**What to do**
Every line of the records below that has the word "Memory" should be copied.

......

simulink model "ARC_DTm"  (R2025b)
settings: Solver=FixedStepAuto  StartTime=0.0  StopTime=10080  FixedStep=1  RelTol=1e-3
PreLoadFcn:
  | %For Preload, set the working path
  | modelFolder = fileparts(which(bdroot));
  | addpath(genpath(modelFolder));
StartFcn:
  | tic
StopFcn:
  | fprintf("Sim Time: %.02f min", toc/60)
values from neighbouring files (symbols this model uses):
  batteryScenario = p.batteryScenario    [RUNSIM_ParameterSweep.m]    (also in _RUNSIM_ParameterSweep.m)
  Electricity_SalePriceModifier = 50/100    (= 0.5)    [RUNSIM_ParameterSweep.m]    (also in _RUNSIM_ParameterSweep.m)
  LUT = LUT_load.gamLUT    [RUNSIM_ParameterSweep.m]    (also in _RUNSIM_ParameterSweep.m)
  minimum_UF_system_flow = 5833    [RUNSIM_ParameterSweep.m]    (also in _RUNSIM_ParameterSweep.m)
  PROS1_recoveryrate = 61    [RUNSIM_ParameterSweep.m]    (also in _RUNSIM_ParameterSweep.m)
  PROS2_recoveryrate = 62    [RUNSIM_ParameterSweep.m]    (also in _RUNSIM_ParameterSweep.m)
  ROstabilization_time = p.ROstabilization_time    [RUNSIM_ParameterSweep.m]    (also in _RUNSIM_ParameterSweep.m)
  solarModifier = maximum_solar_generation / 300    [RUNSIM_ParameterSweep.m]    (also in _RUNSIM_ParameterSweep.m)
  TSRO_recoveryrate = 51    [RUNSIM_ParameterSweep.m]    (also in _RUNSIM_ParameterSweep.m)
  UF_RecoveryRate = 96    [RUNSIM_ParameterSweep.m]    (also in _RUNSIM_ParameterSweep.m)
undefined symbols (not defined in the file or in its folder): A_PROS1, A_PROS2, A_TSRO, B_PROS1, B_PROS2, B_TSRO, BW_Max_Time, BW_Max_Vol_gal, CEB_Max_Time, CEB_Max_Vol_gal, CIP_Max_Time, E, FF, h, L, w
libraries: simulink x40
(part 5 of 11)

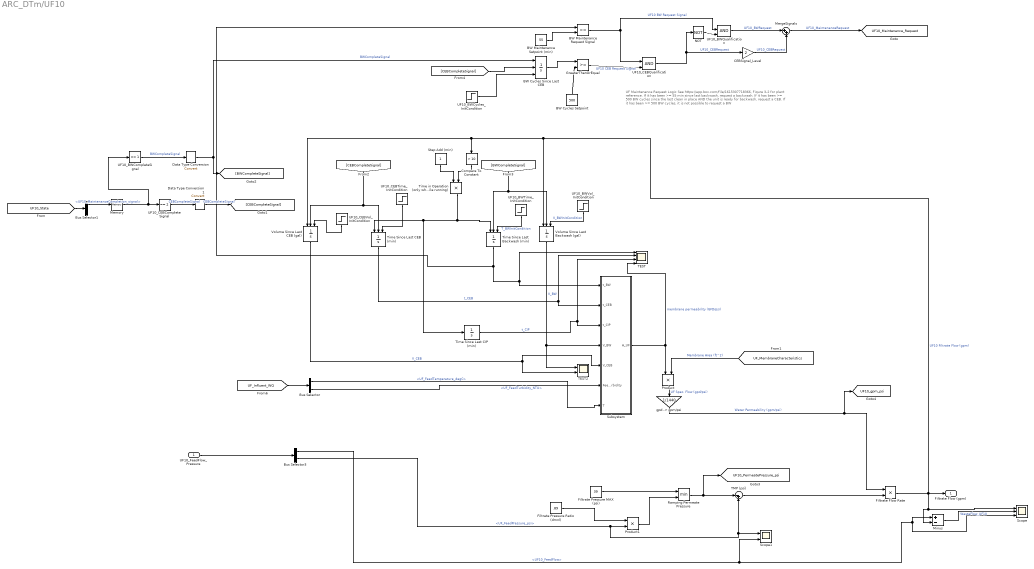
== system ARC_DTm/UF10 ==
  note: UF Maintenance Request Logic
      | See https://app.box.com/file/1615307718366, Figure 3-2 for plant reference.
      |
      | If it has been >= 55 min since last backwash, request a backwash.
      | If it has been >= 500 BW cycles since the last clean in place AND the unit is ready for backwash, request a CEB.
      | If it has been >= 500 BW cycles, it is not possible to request a BW
  UF10_FeedFlow_Pressure : Inport
  BW Cycles Setpoint : Constant  Value=500
  BW Cycles Since Last CEB : Integrator  ExternalReset=rising  InitialConditionSource=external  InitialCondition=5
  BW Maintenance Request Signal : RelationalOperator  OutDataTypeStr=boolean  RndMeth=Simplest  InputSameDT=off
  BW Maintenance Setpoint (min) : Constant  Value=55
  Bus Selector : BusSelector  OutputSignals=UF_FeedTemperature_degC,UF_FeedTurbidity_NTU
  Bus Selector1 : BusSelector  OutputSignals=UF10_MaintenanceCompletion_signal,UF10_OperationsState_signal
  Bus Selector3 : BusSelector  OutputSignals=UF10_FeedFlow,UF_FeedPressure_psi
  CEBSignal_Level : Gain  Gain=2  OutDataTypeStr=double
  Compare To Constant : simulink/Logic and Bit Operations/Compare To Constant  relop=>  const=10  OutDataTypeStr=boolean
  Data Type Conversion : DataTypeConversion  SaturateOnIntegerOverflow=off  RndMeth=Floor
  Data Type Conversion1 : DataTypeConversion  SaturateOnIntegerOverflow=off  RndMeth=Floor
  Filtrate Flow Rate : Product
  Filtrate Pressure MAX (psi) : Constant  Value=39
  Filtrate Pressure Ratio (dmnl) : Constant  Value=.89
  GreaterThanOrEqual : RelationalOperator  OutDataTypeStr=boolean  RndMeth=Simplest  InputSameDT=off
  Memory : Memory
  MergeSignals : Sum  Inputs=|++
  Minus : Sum  Inputs=+-
  NOT : Logic  Operator=NOT  IconShape=distinctive  AllPortsSameDT=off  OutDataTypeStr=boolean
  Product : Product
  Product1 : Product
  Ramping Permeate Pressure : MinMax  Inputs=2
  Scope : Scope  NumInputPorts=3
      settings: ActiveDisplayYMinimum=-126.71796384165732  ActiveDisplayYMaximum=1140.4616745749161  DataLoggingVariableName=ScopeData10
  Scope1 : Scope  NumInputPorts=2
      settings: ActiveDisplayYMinimum=-129.2228584451866  ActiveDisplayYMaximum=1163.0057260066797  DataLoggingVariableName=ScopeData11
  Step Add (min) : Constant
  Subsystem : Subsystem
  TEST : Scope  NumInputPorts=4
      settings: ActiveDisplayYMinimum=13.625  ActiveDisplayYMaximum=27.375  DataLoggingVariableName=ScopeData3
  TEST2 : Scope  NumInputPorts=2
      settings: ActiveDisplayYMinimum=-311929.86683332996  ActiveDisplayYMaximum=2.8073688014999703E+6  DataLoggingVariableName=ScopeData4
  TMP (psi) : Sum  Inputs=|-+
  Time Since Last Backwash (min) : Integrator  ExternalReset=level hold  InitialConditionSource=external  InitialCondition=26
  Time Since Last CEB (min) : Integrator  ExternalReset=level hold  InitialConditionSource=external  InitialCondition=4833
  Time Since Last CIP (min) : Integrator  InitialCondition=round(CIP_Max_Time*rand())
  Time in Operation (only while running) : Product
  UF10_BWCompleteSignal : simulink/Logic and Bit Operations/Compare To Constant  relop===  const=1  OutDataTypeStr=uint8
  UF10_BWCycles_InitCondition : Step  Before=round(500 * rand())  After=0  SampleTime=0
  UF10_BWQualification : Logic  IconShape=distinctive  AllPortsSameDT=off  OutDataTypeStr=boolean
  UF10_BWTime_InitCondition : Step  Before=round(BW_Max_Time*rand())  After=0  SampleTime=0
  UF10_BWVol_InitCondition : Step  Before=round(BW_Max_Vol_gal*rand())  After=0  SampleTime=0
  UF10_CEBCompleteSignal : simulink/Logic and Bit Operations/Compare To Constant  relop===  const=2  OutDataTypeStr=uint8
  UF10_CEBQualification : Logic  IconShape=distinctive  AllPortsSameDT=off  OutDataTypeStr=boolean
  UF10_CEBTime_InitCondition : Step  Before=round(CEB_Max_Time*rand())  After=0  SampleTime=0
  UF10_CEBVol_InitCondition : Step  Before=round(CEB_Max_Vol_gal*rand())  After=0  SampleTime=0
  Volume Since Last Backwash (gal) : Integrator  ExternalReset=level hold  InitialConditionSource=external  InitialCondition=34330
  Volume Since Last CEB (gal) : Integrator  ExternalReset=rising  InitialConditionSource=external  InitialCondition=2777254
  "gpd -> gpm/psi" : Gain  Gain=1/1440
  Filtrate Flow (gpm) : Outport
  tag scope: UF10_Maintenance_Request=global, UF10_PermeatePressure_psi=global, UF10_gpm_psi=global
  wires:
  Volume Since Last Backwash (gal)/1 -> Subsystem/4(V_BW), TEST2/1  "V_BW"
  Time Since Last Backwash (min)/1 -> BW Maintenance Request Signal/1, Subsystem/1(t_BW), TEST/1
  Product/1 -> "gpd -> gpm/psi"/1  "UF Spec. Flow (gpd/psi)"
  [UF_MembraneCharacteristics] -> Product/2  "Membrane Area (ft^2)"
  "gpd -> gpm/psi"/1 -> Filtrate Flow Rate/1, [UF10_gpm_psi]  "Water Permeability (gpm/psi)"
  Time in Operation (only while running)/1 -> Time Since Last Backwash (min)/1, Time Since Last CEB (min)/1, Time Since Last CIP (min)/1
  Filtrate Flow Rate/1 -> Scope/1, Minus/2, Volume Since Last Backwash (gal)/1, Volume Since Last CEB (gal)/1, Compare To Constant/1, Filtrate Flow (gpm)/1  "UF10 Filtrate Flow (gpm)"
  Time Since Last CEB (min)/1 -> Subsystem/2(t_CEB), TEST/2  "t_CEB"
  Volume Since Last CEB (gal)/1 -> Subsystem/5(V_CEB), TEST2/2  "V_CEB"
  Time Since Last CIP (min)/1 -> Subsystem/3(t_CIP), TEST/3  "t_CIP"
  Filtrate Pressure MAX (psi)/1 -> Ramping Permeate Pressure/1
  [UF_Influent_WQ] -> Bus Selector/1
  Bus Selector/1 -> Subsystem/7(T)  "<UF_FeedTemperature_degC>"
  UF10_FeedFlow_Pressure/1 -> Bus Selector3/1
  Filtrate Pressure Ratio (dmnl)/1 -> Product1/1
  Product1/1 -> Ramping Permeate Pressure/2
  Ramping Permeate Pressure/1 -> [UF10_PermeatePressure_psi], TMP (psi)/1
  TMP (psi)/1 -> Filtrate Flow Rate/2
  BW Maintenance Setpoint (min)/1 -> BW Maintenance Request Signal/2
  BW Cycles Since Last CEB/1 -> GreaterThanOrEqual/1
  BW Cycles Setpoint/1 -> GreaterThanOrEqual/2
  Bus Selector/2 -> Subsystem/6(Feed Turbidity)  "<UF_FeedTurbidity_NTU>"
  [UF10_State] -> Bus Selector1/1
  MergeSignals/1 -> [UF10_Maintenance_Request]  "UF10_MaintenanceRequest"
  UF10_CEBCompleteSignal/1 -> Data Type Conversion1/1  "CEBCompleteSignal"
  [CEBCompleteSignal] -> Volume Since Last CEB (gal)/2, Time Since Last CEB (min)/2
  Data Type Conversion/1 -> [BWCompleteSignal], BW Cycles Since Last CEB/1  "BWCompleteSignal"
  [BWCompleteSignal] -> Volume Since Last Backwash (gal)/2, Time Since Last Backwash (min)/2
  [CEBCompleteSignal] -> BW Cycles Since Last CEB/2
  Bus Selector1/1 -> Memory/1  "<UF10_MaintenanceCompletion_signal>"
  UF10_BWCompleteSignal/1 -> Data Type Conversion/1  "BWCompleteSignal"
  Data Type Conversion1/1 -> [CEBCompleteSignal]  "CEBCompleteSignal"
  UF10_BWCycles_InitCondition/1 -> BW Cycles Since Last CEB/3
  Subsystem/1(A_UF) -> TEST/4, Product/1  "membrane permeability (GFD/psi)"
  UF10_BWTime_InitCondition/1 -> Time Since Last Backwash (min)/3  "T_BWInitCondition"
  UF10_CEBVol_InitCondition/1 -> Volume Since Last CEB (gal)/3
  UF10_CEBTime_InitCondition/1 -> Time Since Last CEB (min)/3
  UF10_BWVol_InitCondition/1 -> Volume Since Last Backwash (gal)/3  "V_BWInitCondition"
  Step Add (min)/1 -> Time in Operation (only while running)/1
  Compare To Constant/1 -> Time in Operation (only while running)/2
  Memory/1 -> UF10_BWCompleteSignal/1, UF10_CEBCompleteSignal/1
  UF10_BWQualification/1 -> MergeSignals/1  "UF10_BWRequest"
  GreaterThanOrEqual/1 -> UF10_CEBQualification/2  "UF10 CEB Request Signal"
  UF10_CEBQualification/1 -> CEBSignal_Level/1, NOT/1  "UF10_CEBRequest"
  BW Maintenance Request Signal/1 -> UF10_BWQualification/1, UF10_CEBQualification/1  "UF10 BW Request Signal"
  NOT/1 -> UF10_BWQualification/2
  CEBSignal_Level/1 -> MergeSignals/2  "UF10_CEBRequest"
  Bus Selector3/1 -> Scope1/2, Minus/1, Scope/3  "<UF10_FeedFlow>"
  Bus Selector3/2 -> TMP (psi)/2, Scope1/1, Product1/2  "<UF_FeedPressure_psi>"
  Minus/1 -> Scope/2  "WasteFlow_UF10"

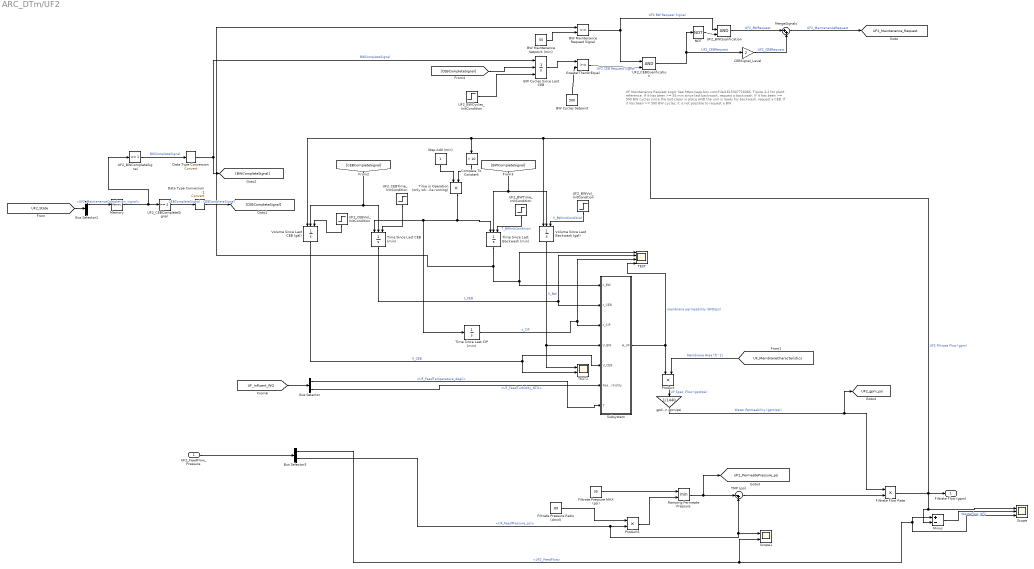
== system ARC_DTm/UF2 ==
  note: UF Maintenance Request Logic
      | See https://app.box.com/file/1615307718366, Figure 3-2 for plant reference.
      |
      | If it has been >= 55 min since last backwash, request a backwash.
      | If it has been >= 500 BW cycles since the last clean in place AND the unit is ready for backwash, request a CEB.
      | If it has been >= 500 BW cycles, it is not possible to request a BW
  UF2_FeedFlow_Pressure : Inport
  BW Cycles Setpoint : Constant  Value=500
  BW Cycles Since Last CEB : Integrator  ExternalReset=rising  InitialConditionSource=external  InitialCondition=5
  BW Maintenance Request Signal : RelationalOperator  OutDataTypeStr=boolean  RndMeth=Simplest  InputSameDT=off
  BW Maintenance Setpoint (min) : Constant  Value=55
  Bus Selector : BusSelector  OutputSignals=UF_FeedTemperature_degC,UF_FeedTurbidity_NTU
  Bus Selector1 : BusSelector  OutputSignals=UF2_MaintenanceCompletion_signal,UF2_OperationsState_signal
  Bus Selector3 : BusSelector  OutputSignals=UF2_FeedFlow,UF_FeedPressure_psi
  CEBSignal_Level : Gain  Gain=2  OutDataTypeStr=double
  Compare To Constant : simulink/Logic and Bit Operations/Compare To Constant  relop=>  const=10  OutDataTypeStr=boolean
  Data Type Conversion : DataTypeConversion  SaturateOnIntegerOverflow=off  RndMeth=Floor
  Data Type Conversion1 : DataTypeConversion  SaturateOnIntegerOverflow=off  RndMeth=Floor
  Filtrate Flow Rate : Product
  Filtrate Pressure MAX (psi) : Constant  Value=39
  Filtrate Pressure Ratio (dmnl) : Constant  Value=.89
  GreaterThanOrEqual : RelationalOperator  OutDataTypeStr=boolean  RndMeth=Simplest  InputSameDT=off
  Memory : Memory
  MergeSignals : Sum  Inputs=|++
  Minus : Sum  Inputs=+-
  NOT : Logic  Operator=NOT  IconShape=distinctive  AllPortsSameDT=off  OutDataTypeStr=boolean
  Product : Product
  Product1 : Product
  Ramping Permeate Pressure : MinMax  Inputs=2
  Scope : Scope  NumInputPorts=3
      settings: ActiveDisplayYMinimum=-126.71796384165732  ActiveDisplayYMaximum=1140.4616745749161  DataLoggingVariableName=ScopeData10
  Scope1 : Scope  NumInputPorts=2
      settings: ActiveDisplayYMinimum=-129.2228584451866  ActiveDisplayYMaximum=1163.0057260066797  DataLoggingVariableName=ScopeData11
  Step Add (min) : Constant
  Subsystem : Subsystem
  TEST : Scope  NumInputPorts=4
      settings: ActiveDisplayYMinimum=13.625  ActiveDisplayYMaximum=27.375  DataLoggingVariableName=ScopeData3
  TEST2 : Scope  NumInputPorts=2
      settings: ActiveDisplayYMinimum=-311929.86683332996  ActiveDisplayYMaximum=2.8073688014999703E+6  DataLoggingVariableName=ScopeData4
  TMP (psi) : Sum  Inputs=|-+
  Time Since Last Backwash (min) : Integrator  ExternalReset=level hold  InitialConditionSource=external  InitialCondition=26
  Time Since Last CEB (min) : Integrator  ExternalReset=level hold  InitialConditionSource=external  InitialCondition=4833
  Time Since Last CIP (min) : Integrator  InitialCondition=round(CIP_Max_Time*rand())
  Time in Operation (only while running) : Product
  UF2_BWCompleteSignal : simulink/Logic and Bit Operations/Compare To Constant  relop===  const=1  OutDataTypeStr=uint8
  UF2_BWCycles_InitCondition : Step  Before=round(500 * rand())  After=0  SampleTime=0
  UF2_BWQualification : Logic  IconShape=distinctive  AllPortsSameDT=off  OutDataTypeStr=boolean
  UF2_BWTime_InitCondition : Step  Before=round(BW_Max_Time*rand())  After=0  SampleTime=0
  UF2_BWVol_InitCondition : Step  Before=round(BW_Max_Vol_gal*rand())  After=0  SampleTime=0
  UF2_CEBCompleteSignal : simulink/Logic and Bit Operations/Compare To Constant  relop===  const=2  OutDataTypeStr=uint8
  UF2_CEBQualification : Logic  IconShape=distinctive  AllPortsSameDT=off  OutDataTypeStr=boolean
  UF2_CEBTime_InitCondition : Step  Before=round(CEB_Max_Time*rand())  After=0  SampleTime=0
  UF2_CEBVol_InitCondition : Step  Before=round(CEB_Max_Vol_gal*rand())  After=0  SampleTime=0
  Volume Since Last Backwash (gal) : Integrator  ExternalReset=level hold  InitialConditionSource=external  InitialCondition=34330
  Volume Since Last CEB (gal) : Integrator  ExternalReset=rising  InitialConditionSource=external  InitialCondition=2777254
  "gpd -> gpm/psi" : Gain  Gain=1/1440
  Filtrate Flow (gpm) : Outport
  tag scope: UF2_Maintenance_Request=global, UF2_PermeatePressure_psi=global, UF2_gpm_psi=global
  wires:
  Volume Since Last Backwash (gal)/1 -> Subsystem/4(V_BW), TEST2/1  "V_BW"
  Time Since Last Backwash (min)/1 -> BW Maintenance Request Signal/1, Subsystem/1(t_BW), TEST/1
  Product/1 -> "gpd -> gpm/psi"/1  "UF Spec. Flow (gpd/psi)"
  [UF_MembraneCharacteristics] -> Product/2  "Membrane Area (ft^2)"
  "gpd -> gpm/psi"/1 -> Filtrate Flow Rate/1, [UF2_gpm_psi]  "Water Permeability (gpm/psi)"
  Time in Operation (only while running)/1 -> Time Since Last Backwash (min)/1, Time Since Last CEB (min)/1, Time Since Last CIP (min)/1
  Filtrate Flow Rate/1 -> Scope/1, Minus/2, Volume Since Last Backwash (gal)/1, Volume Since Last CEB (gal)/1, Compare To Constant/1, Filtrate Flow (gpm)/1  "UF2 Filtrate Flow (gpm)"
  Time Since Last CEB (min)/1 -> Subsystem/2(t_CEB), TEST/2  "t_CEB"
  Volume Since Last CEB (gal)/1 -> Subsystem/5(V_CEB), TEST2/2  "V_CEB"
  Time Since Last CIP (min)/1 -> Subsystem/3(t_CIP), TEST/3  "t_CIP"
  Filtrate Pressure MAX (psi)/1 -> Ramping Permeate Pressure/1
  [UF_Influent_WQ] -> Bus Selector/1
  Bus Selector/1 -> Subsystem/7(T)  "<UF_FeedTemperature_degC>"
  UF2_FeedFlow_Pressure/1 -> Bus Selector3/1
  Filtrate Pressure Ratio (dmnl)/1 -> Product1/1
  Product1/1 -> Ramping Permeate Pressure/2
  Ramping Permeate Pressure/1 -> [UF2_PermeatePressure_psi], TMP (psi)/1
  TMP (psi)/1 -> Filtrate Flow Rate/2
  BW Maintenance Setpoint (min)/1 -> BW Maintenance Request Signal/2
  BW Cycles Since Last CEB/1 -> GreaterThanOrEqual/1
  BW Cycles Setpoint/1 -> GreaterThanOrEqual/2
  Bus Selector/2 -> Subsystem/6(Feed Turbidity)  "<UF_FeedTurbidity_NTU>"
  [UF2_State] -> Bus Selector1/1
  MergeSignals/1 -> [UF2_Maintenance_Request]  "UF2_MaintenanceRequest"
  UF2_CEBCompleteSignal/1 -> Data Type Conversion1/1  "CEBCompleteSignal"
  [CEBCompleteSignal] -> Volume Since Last CEB (gal)/2, Time Since Last CEB (min)/2
  Data Type Conversion/1 -> [BWCompleteSignal], BW Cycles Since Last CEB/1  "BWCompleteSignal"
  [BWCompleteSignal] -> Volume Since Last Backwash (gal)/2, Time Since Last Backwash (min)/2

......

**Response to this exercise**
  Memory : Memory
  Bus Selector1/1 -> Memory/1  "<UF10_MaintenanceCompletion_signal>"
  Memory/1 -> UF10_BWCompleteSignal/1, UF10_CEBCompleteSignal/1
  Memory : Memory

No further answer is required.